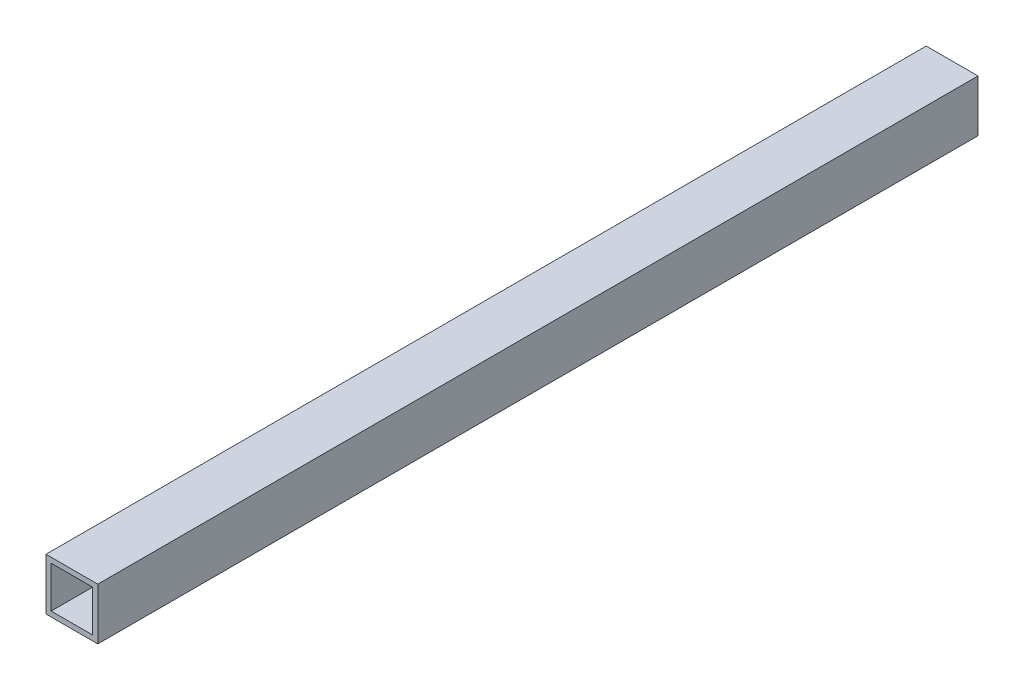
ISO-10303-21;
HEADER;
FILE_DESCRIPTION(('STEP AP214'),'2;1');
FILE_NAME('part.step','',(''),(''),'','','');
FILE_SCHEMA(('AUTOMOTIVE_DESIGN { 1 0 10303 214 1 1 1 1 }'));
ENDSEC;
DATA;
#1=APPLICATION_CONTEXT('core data for automotive mechanical design processes');
#2=APPLICATION_PROTOCOL_DEFINITION('international standard','automotive_design',2000,#1);
#3=PRODUCT_CONTEXT('',#1,'mechanical');
#4=PRODUCT('Part','Part','',(#3));
#5=PRODUCT_RELATED_PRODUCT_CATEGORY('part','',(#4));
#6=PRODUCT_DEFINITION_FORMATION('','',#4);
#7=PRODUCT_DEFINITION_CONTEXT('part definition',#1,'design');
#8=PRODUCT_DEFINITION('design','',#6,#7);
#9=PRODUCT_DEFINITION_SHAPE('','',#8);
#10=(LENGTH_UNIT() NAMED_UNIT(*) SI_UNIT(.MILLI.,.METRE.));
#11=(NAMED_UNIT(*) PLANE_ANGLE_UNIT() SI_UNIT($,.RADIAN.));
#12=(NAMED_UNIT(*) SI_UNIT($,.STERADIAN.) SOLID_ANGLE_UNIT());
#13=UNCERTAINTY_MEASURE_WITH_UNIT(LENGTH_MEASURE(1.E-05),#10,'distance_accuracy_value','');
#14=(GEOMETRIC_REPRESENTATION_CONTEXT(3) GLOBAL_UNCERTAINTY_ASSIGNED_CONTEXT((#13)) GLOBAL_UNIT_ASSIGNED_CONTEXT((#10,
#11,#12)) REPRESENTATION_CONTEXT('',''));
#15=CARTESIAN_POINT('',(0.,0.,0.));
#16=DIRECTION('',(0.,0.,1.));
#17=DIRECTION('',(1.,0.,0.));
#18=AXIS2_PLACEMENT_3D('',#15,#16,#17);
#19=CARTESIAN_POINT('',(0.,-10.,340.));
#20=DIRECTION('',(0.,1.,0.));
#21=DIRECTION('',(0.,0.,1.));
#22=AXIS2_PLACEMENT_3D('',#19,#20,#21);
#23=PLANE('',#22);
#24=DIRECTION('',(1.,0.,0.));
#25=VECTOR('',#24,1.);
#26=CARTESIAN_POINT('',(0.,-10.,0.));
#27=LINE('',#26,#25);
#28=CARTESIAN_POINT('',(-10.,-10.,0.));
#29=VERTEX_POINT('',#28);
#30=CARTESIAN_POINT('',(10.,-10.,0.));
#31=VERTEX_POINT('',#30);
#32=EDGE_CURVE('E148',#29,#31,#27,.T.);
#33=ORIENTED_EDGE('',*,*,#32,.T.);
#34=DIRECTION('',(0.,0.,-1.));
#35=VECTOR('',#34,1.);
#36=CARTESIAN_POINT('',(10.,-10.,340.));
#37=LINE('',#36,#35);
#38=CARTESIAN_POINT('',(10.,-10.,340.));
#39=VERTEX_POINT('',#38);
#40=EDGE_CURVE('E11',#39,#31,#37,.T.);
#41=ORIENTED_EDGE('',*,*,#40,.F.);
#42=DIRECTION('',(1.,0.,0.));
#43=VECTOR('',#42,1.);
#44=CARTESIAN_POINT('',(0.,-10.,340.));
#45=LINE('',#44,#43);
#46=CARTESIAN_POINT('',(-10.,-10.,340.));
#47=VERTEX_POINT('',#46);
#48=EDGE_CURVE('E120',#47,#39,#45,.T.);
#49=ORIENTED_EDGE('',*,*,#48,.F.);
#50=DIRECTION('',(0.,0.,-1.));
#51=VECTOR('',#50,1.);
#52=CARTESIAN_POINT('',(-10.,-10.,340.));
#53=LINE('',#52,#51);
#54=EDGE_CURVE('E60',#47,#29,#53,.T.);
#55=ORIENTED_EDGE('',*,*,#54,.T.);
#56=EDGE_LOOP('',(#33,#41,#49,#55));
#57=FACE_BOUND('',#56,.T.);
#58=ADVANCED_FACE('F41',(#57),#23,.F.);
#59=CARTESIAN_POINT('',(10.,0.,340.));
#60=DIRECTION('',(-1.,0.,0.));
#61=DIRECTION('',(0.,0.,1.));
#62=AXIS2_PLACEMENT_3D('',#59,#60,#61);
#63=PLANE('',#62);
#64=DIRECTION('',(0.,1.,0.));
#65=VECTOR('',#64,1.);
#66=CARTESIAN_POINT('',(10.,0.,0.));
#67=LINE('',#66,#65);
#68=CARTESIAN_POINT('',(10.,10.,0.));
#69=VERTEX_POINT('',#68);
#70=EDGE_CURVE('E126',#31,#69,#67,.T.);
#71=ORIENTED_EDGE('',*,*,#70,.T.);
#72=DIRECTION('',(0.,0.,-1.));
#73=VECTOR('',#72,1.);
#74=CARTESIAN_POINT('',(10.,10.,340.));
#75=LINE('',#74,#73);
#76=CARTESIAN_POINT('',(10.,10.,340.));
#77=VERTEX_POINT('',#76);
#78=EDGE_CURVE('E51',#77,#69,#75,.T.);
#79=ORIENTED_EDGE('',*,*,#78,.F.);
#80=DIRECTION('',(0.,1.,0.));
#81=VECTOR('',#80,1.);
#82=CARTESIAN_POINT('',(10.,0.,340.));
#83=LINE('',#82,#81);
#84=EDGE_CURVE('E114',#39,#77,#83,.T.);
#85=ORIENTED_EDGE('',*,*,#84,.F.);
#86=ORIENTED_EDGE('',*,*,#40,.T.);
#87=EDGE_LOOP('',(#71,#79,#85,#86));
#88=FACE_BOUND('',#87,.T.);
#89=ADVANCED_FACE('F125',(#88),#63,.F.);
#90=CARTESIAN_POINT('',(0.,10.,340.));
#91=DIRECTION('',(0.,1.,0.));
#92=DIRECTION('',(0.,0.,1.));
#93=AXIS2_PLACEMENT_3D('',#90,#91,#92);
#94=PLANE('',#93);
#95=DIRECTION('',(1.,0.,0.));
#96=VECTOR('',#95,1.);
#97=CARTESIAN_POINT('',(0.,10.,0.));
#98=LINE('',#97,#96);
#99=CARTESIAN_POINT('',(-10.,10.,0.));
#100=VERTEX_POINT('',#99);
#101=EDGE_CURVE('E151',#100,#69,#98,.T.);
#102=ORIENTED_EDGE('',*,*,#101,.F.);
#103=DIRECTION('',(0.,0.,-1.));
#104=VECTOR('',#103,1.);
#105=CARTESIAN_POINT('',(-10.,10.,340.));
#106=LINE('',#105,#104);
#107=CARTESIAN_POINT('',(-10.,10.,340.));
#108=VERTEX_POINT('',#107);
#109=EDGE_CURVE('E86',#108,#100,#106,.T.);
#110=ORIENTED_EDGE('',*,*,#109,.F.);
#111=DIRECTION('',(1.,0.,0.));
#112=VECTOR('',#111,1.);
#113=CARTESIAN_POINT('',(0.,10.,340.));
#114=LINE('',#113,#112);
#115=EDGE_CURVE('E119',#108,#77,#114,.T.);
#116=ORIENTED_EDGE('',*,*,#115,.T.);
#117=ORIENTED_EDGE('',*,*,#78,.T.);
#118=EDGE_LOOP('',(#102,#110,#116,#117));
#119=FACE_BOUND('',#118,.T.);
#120=ADVANCED_FACE('F130',(#119),#94,.T.);
#121=CARTESIAN_POINT('',(8.,0.,340.));
#122=DIRECTION('',(-1.,0.,0.));
#123=DIRECTION('',(0.,0.,1.));
#124=AXIS2_PLACEMENT_3D('',#121,#122,#123);
#125=PLANE('',#124);
#126=DIRECTION('',(0.,1.,0.));
#127=VECTOR('',#126,1.);
#128=CARTESIAN_POINT('',(8.,0.,0.));
#129=LINE('',#128,#127);
#130=CARTESIAN_POINT('',(8.,-8.,0.));
#131=VERTEX_POINT('',#130);
#132=CARTESIAN_POINT('',(8.,8.,0.));
#133=VERTEX_POINT('',#132);
#134=EDGE_CURVE('E137',#131,#133,#129,.T.);
#135=ORIENTED_EDGE('',*,*,#134,.F.);
#136=DIRECTION('',(0.,0.,-1.));
#137=VECTOR('',#136,1.);
#138=CARTESIAN_POINT('',(8.,-8.,340.));
#139=LINE('',#138,#137);
#140=CARTESIAN_POINT('',(8.,-8.,340.));
#141=VERTEX_POINT('',#140);
#142=EDGE_CURVE('E45',#141,#131,#139,.T.);
#143=ORIENTED_EDGE('',*,*,#142,.F.);
#144=DIRECTION('',(0.,1.,0.));
#145=VECTOR('',#144,1.);
#146=CARTESIAN_POINT('',(8.,0.,340.));
#147=LINE('',#146,#145);
#148=CARTESIAN_POINT('',(8.,8.,340.));
#149=VERTEX_POINT('',#148);
#150=EDGE_CURVE('E156',#141,#149,#147,.T.);
#151=ORIENTED_EDGE('',*,*,#150,.T.);
#152=DIRECTION('',(0.,0.,-1.));
#153=VECTOR('',#152,1.);
#154=CARTESIAN_POINT('',(8.,8.,340.));
#155=LINE('',#154,#153);
#156=EDGE_CURVE('E133',#149,#133,#155,.T.);
#157=ORIENTED_EDGE('',*,*,#156,.T.);
#158=EDGE_LOOP('',(#135,#143,#151,#157));
#159=FACE_BOUND('',#158,.T.);
#160=ADVANCED_FACE('F43',(#159),#125,.T.);
#161=CARTESIAN_POINT('',(0.,-8.,340.));
#162=DIRECTION('',(0.,1.,0.));
#163=DIRECTION('',(0.,0.,1.));
#164=AXIS2_PLACEMENT_3D('',#161,#162,#163);
#165=PLANE('',#164);
#166=DIRECTION('',(1.,0.,0.));
#167=VECTOR('',#166,1.);
#168=CARTESIAN_POINT('',(0.,-8.,0.));
#169=LINE('',#168,#167);
#170=CARTESIAN_POINT('',(-8.,-8.,0.));
#171=VERTEX_POINT('',#170);
#172=EDGE_CURVE('E140',#171,#131,#169,.T.);
#173=ORIENTED_EDGE('',*,*,#172,.F.);
#174=DIRECTION('',(0.,0.,-1.));
#175=VECTOR('',#174,1.);
#176=CARTESIAN_POINT('',(-8.,-8.,340.));
#177=LINE('',#176,#175);
#178=CARTESIAN_POINT('',(-8.,-8.,340.));
#179=VERTEX_POINT('',#178);
#180=EDGE_CURVE('E162',#179,#171,#177,.T.);
#181=ORIENTED_EDGE('',*,*,#180,.F.);
#182=DIRECTION('',(1.,0.,0.));
#183=VECTOR('',#182,1.);
#184=CARTESIAN_POINT('',(0.,-8.,340.));
#185=LINE('',#184,#183);
#186=EDGE_CURVE('E171',#179,#141,#185,.T.);
#187=ORIENTED_EDGE('',*,*,#186,.T.);
#188=ORIENTED_EDGE('',*,*,#142,.T.);
#189=EDGE_LOOP('',(#173,#181,#187,#188));
#190=FACE_BOUND('',#189,.T.);
#191=ADVANCED_FACE('F169',(#190),#165,.T.);
#192=CARTESIAN_POINT('',(-8.,0.,340.));
#193=DIRECTION('',(-1.,0.,0.));
#194=DIRECTION('',(0.,0.,1.));
#195=AXIS2_PLACEMENT_3D('',#192,#193,#194);
#196=PLANE('',#195);
#197=DIRECTION('',(0.,1.,0.));
#198=VECTOR('',#197,1.);
#199=CARTESIAN_POINT('',(-8.,0.,0.));
#200=LINE('',#199,#198);
#201=CARTESIAN_POINT('',(-8.,8.,0.));
#202=VERTEX_POINT('',#201);
#203=EDGE_CURVE('E143',#171,#202,#200,.T.);
#204=ORIENTED_EDGE('',*,*,#203,.T.);
#205=DIRECTION('',(0.,0.,-1.));
#206=VECTOR('',#205,1.);
#207=CARTESIAN_POINT('',(-8.,8.,340.));
#208=LINE('',#207,#206);
#209=CARTESIAN_POINT('',(-8.,8.,340.));
#210=VERTEX_POINT('',#209);
#211=EDGE_CURVE('E160',#210,#202,#208,.T.);
#212=ORIENTED_EDGE('',*,*,#211,.F.);
#213=DIRECTION('',(0.,1.,0.));
#214=VECTOR('',#213,1.);
#215=CARTESIAN_POINT('',(-8.,0.,340.));
#216=LINE('',#215,#214);
#217=EDGE_CURVE('E184',#179,#210,#216,.T.);
#218=ORIENTED_EDGE('',*,*,#217,.F.);
#219=ORIENTED_EDGE('',*,*,#180,.T.);
#220=EDGE_LOOP('',(#204,#212,#218,#219));
#221=FACE_BOUND('',#220,.T.);
#222=ADVANCED_FACE('F178',(#221),#196,.F.);
#223=CARTESIAN_POINT('',(0.,8.,340.));
#224=DIRECTION('',(0.,1.,0.));
#225=DIRECTION('',(0.,0.,1.));
#226=AXIS2_PLACEMENT_3D('',#223,#224,#225);
#227=PLANE('',#226);
#228=DIRECTION('',(1.,0.,0.));
#229=VECTOR('',#228,1.);
#230=CARTESIAN_POINT('',(0.,8.,0.));
#231=LINE('',#230,#229);
#232=EDGE_CURVE('E145',#202,#133,#231,.T.);
#233=ORIENTED_EDGE('',*,*,#232,.T.);
#234=ORIENTED_EDGE('',*,*,#156,.F.);
#235=DIRECTION('',(1.,0.,0.));
#236=VECTOR('',#235,1.);
#237=CARTESIAN_POINT('',(0.,8.,340.));
#238=LINE('',#237,#236);
#239=EDGE_CURVE('E182',#210,#149,#238,.T.);
#240=ORIENTED_EDGE('',*,*,#239,.F.);
#241=ORIENTED_EDGE('',*,*,#211,.T.);
#242=EDGE_LOOP('',(#233,#234,#240,#241));
#243=FACE_BOUND('',#242,.T.);
#244=ADVANCED_FACE('F181',(#243),#227,.F.);
#245=CARTESIAN_POINT('',(-10.,0.,340.));
#246=DIRECTION('',(-1.,0.,0.));
#247=DIRECTION('',(0.,0.,1.));
#248=AXIS2_PLACEMENT_3D('',#245,#246,#247);
#249=PLANE('',#248);
#250=DIRECTION('',(0.,1.,0.));
#251=VECTOR('',#250,1.);
#252=CARTESIAN_POINT('',(-10.,0.,0.));
#253=LINE('',#252,#251);
#254=EDGE_CURVE('E153',#29,#100,#253,.T.);
#255=ORIENTED_EDGE('',*,*,#254,.F.);
#256=ORIENTED_EDGE('',*,*,#54,.F.);
#257=DIRECTION('',(0.,1.,0.));
#258=VECTOR('',#257,1.);
#259=CARTESIAN_POINT('',(-10.,0.,340.));
#260=LINE('',#259,#258);
#261=EDGE_CURVE('E131',#47,#108,#260,.T.);
#262=ORIENTED_EDGE('',*,*,#261,.T.);
#263=ORIENTED_EDGE('',*,*,#109,.T.);
#264=EDGE_LOOP('',(#255,#256,#262,#263));
#265=FACE_BOUND('',#264,.T.);
#266=ADVANCED_FACE('F190',(#265),#249,.T.);
#267=CARTESIAN_POINT('',(0.,0.,340.));
#268=DIRECTION('',(0.,0.,1.));
#269=DIRECTION('',(1.,0.,0.));
#270=AXIS2_PLACEMENT_3D('',#267,#268,#269);
#271=PLANE('',#270);
#272=ORIENTED_EDGE('',*,*,#150,.F.);
#273=ORIENTED_EDGE('',*,*,#186,.F.);
#274=ORIENTED_EDGE('',*,*,#217,.T.);
#275=ORIENTED_EDGE('',*,*,#239,.T.);
#276=EDGE_LOOP('',(#272,#273,#274,#275));
#277=FACE_BOUND('',#276,.T.);
#278=ORIENTED_EDGE('',*,*,#48,.T.);
#279=ORIENTED_EDGE('',*,*,#84,.T.);
#280=ORIENTED_EDGE('',*,*,#115,.F.);
#281=ORIENTED_EDGE('',*,*,#261,.F.);
#282=EDGE_LOOP('',(#278,#279,#280,#281));
#283=FACE_BOUND('',#282,.T.);
#284=ADVANCED_FACE('F116',(#277,#283),#271,.T.);
#285=CARTESIAN_POINT('',(0.,0.,0.));
#286=DIRECTION('',(0.,0.,1.));
#287=DIRECTION('',(1.,0.,0.));
#288=AXIS2_PLACEMENT_3D('',#285,#286,#287);
#289=PLANE('',#288);
#290=ORIENTED_EDGE('',*,*,#134,.T.);
#291=ORIENTED_EDGE('',*,*,#232,.F.);
#292=ORIENTED_EDGE('',*,*,#203,.F.);
#293=ORIENTED_EDGE('',*,*,#172,.T.);
#294=EDGE_LOOP('',(#290,#291,#292,#293));
#295=FACE_BOUND('',#294,.T.);
#296=ORIENTED_EDGE('',*,*,#32,.F.);
#297=ORIENTED_EDGE('',*,*,#254,.T.);
#298=ORIENTED_EDGE('',*,*,#101,.T.);
#299=ORIENTED_EDGE('',*,*,#70,.F.);
#300=EDGE_LOOP('',(#296,#297,#298,#299));
#301=FACE_BOUND('',#300,.T.);
#302=ADVANCED_FACE('F175',(#295,#301),#289,.F.);
#303=CLOSED_SHELL('',(#58,#89,#120,#160,#191,#222,#244,#266,#284,#302));
#304=MANIFOLD_SOLID_BREP('B2',#303);
#305=ADVANCED_BREP_SHAPE_REPRESENTATION('',(#18,#304),#14);
#306=SHAPE_DEFINITION_REPRESENTATION(#9,#305);
ENDSEC;
END-ISO-10303-21;

• _Task to complete_: An exact copy of the lines above, from the one containing "#245=CARTESIAN_POINT('',(-10.,0.,340.));" down to the one containing "#285=CARTESIAN_POINT('',(0.,0.,0.));" and including both, is the whole answer; retype it and nothing else.

• _Result of the exercise_:
#245=CARTESIAN_POINT('',(-10.,0.,340.));
#246=DIRECTION('',(-1.,0.,0.));
#247=DIRECTION('',(0.,0.,1.));
#248=AXIS2_PLACEMENT_3D('',#245,#246,#247);
#249=PLANE('',#248);
#250=DIRECTION('',(0.,1.,0.));
#251=VECTOR('',#250,1.);
#252=CARTESIAN_POINT('',(-10.,0.,0.));
#253=LINE('',#252,#251);
#254=EDGE_CURVE('E153',#29,#100,#253,.T.);
#255=ORIENTED_EDGE('',*,*,#254,.F.);
#256=ORIENTED_EDGE('',*,*,#54,.F.);
#257=DIRECTION('',(0.,1.,0.));
#258=VECTOR('',#257,1.);
#259=CARTESIAN_POINT('',(-10.,0.,340.));
#260=LINE('',#259,#258);
#261=EDGE_CURVE('E131',#47,#108,#260,.T.);
#262=ORIENTED_EDGE('',*,*,#261,.T.);
#263=ORIENTED_EDGE('',*,*,#109,.T.);
#264=EDGE_LOOP('',(#255,#256,#262,#263));
#265=FACE_BOUND('',#264,.T.);
#266=ADVANCED_FACE('F190',(#265),#249,.T.);
#267=CARTESIAN_POINT('',(0.,0.,340.));
#268=DIRECTION('',(0.,0.,1.));
#269=DIRECTION('',(1.,0.,0.));
#270=AXIS2_PLACEMENT_3D('',#267,#268,#269);
#271=PLANE('',#270);
#272=ORIENTED_EDGE('',*,*,#150,.F.);
#273=ORIENTED_EDGE('',*,*,#186,.F.);
#274=ORIENTED_EDGE('',*,*,#217,.T.);
#275=ORIENTED_EDGE('',*,*,#239,.T.);
#276=EDGE_LOOP('',(#272,#273,#274,#275));
#277=FACE_BOUND('',#276,.T.);
#278=ORIENTED_EDGE('',*,*,#48,.T.);
#279=ORIENTED_EDGE('',*,*,#84,.T.);
#280=ORIENTED_EDGE('',*,*,#115,.F.);
#281=ORIENTED_EDGE('',*,*,#261,.F.);
#282=EDGE_LOOP('',(#278,#279,#280,#281));
#283=FACE_BOUND('',#282,.T.);
#284=ADVANCED_FACE('F116',(#277,#283),#271,.T.);
#285=CARTESIAN_POINT('',(0.,0.,0.));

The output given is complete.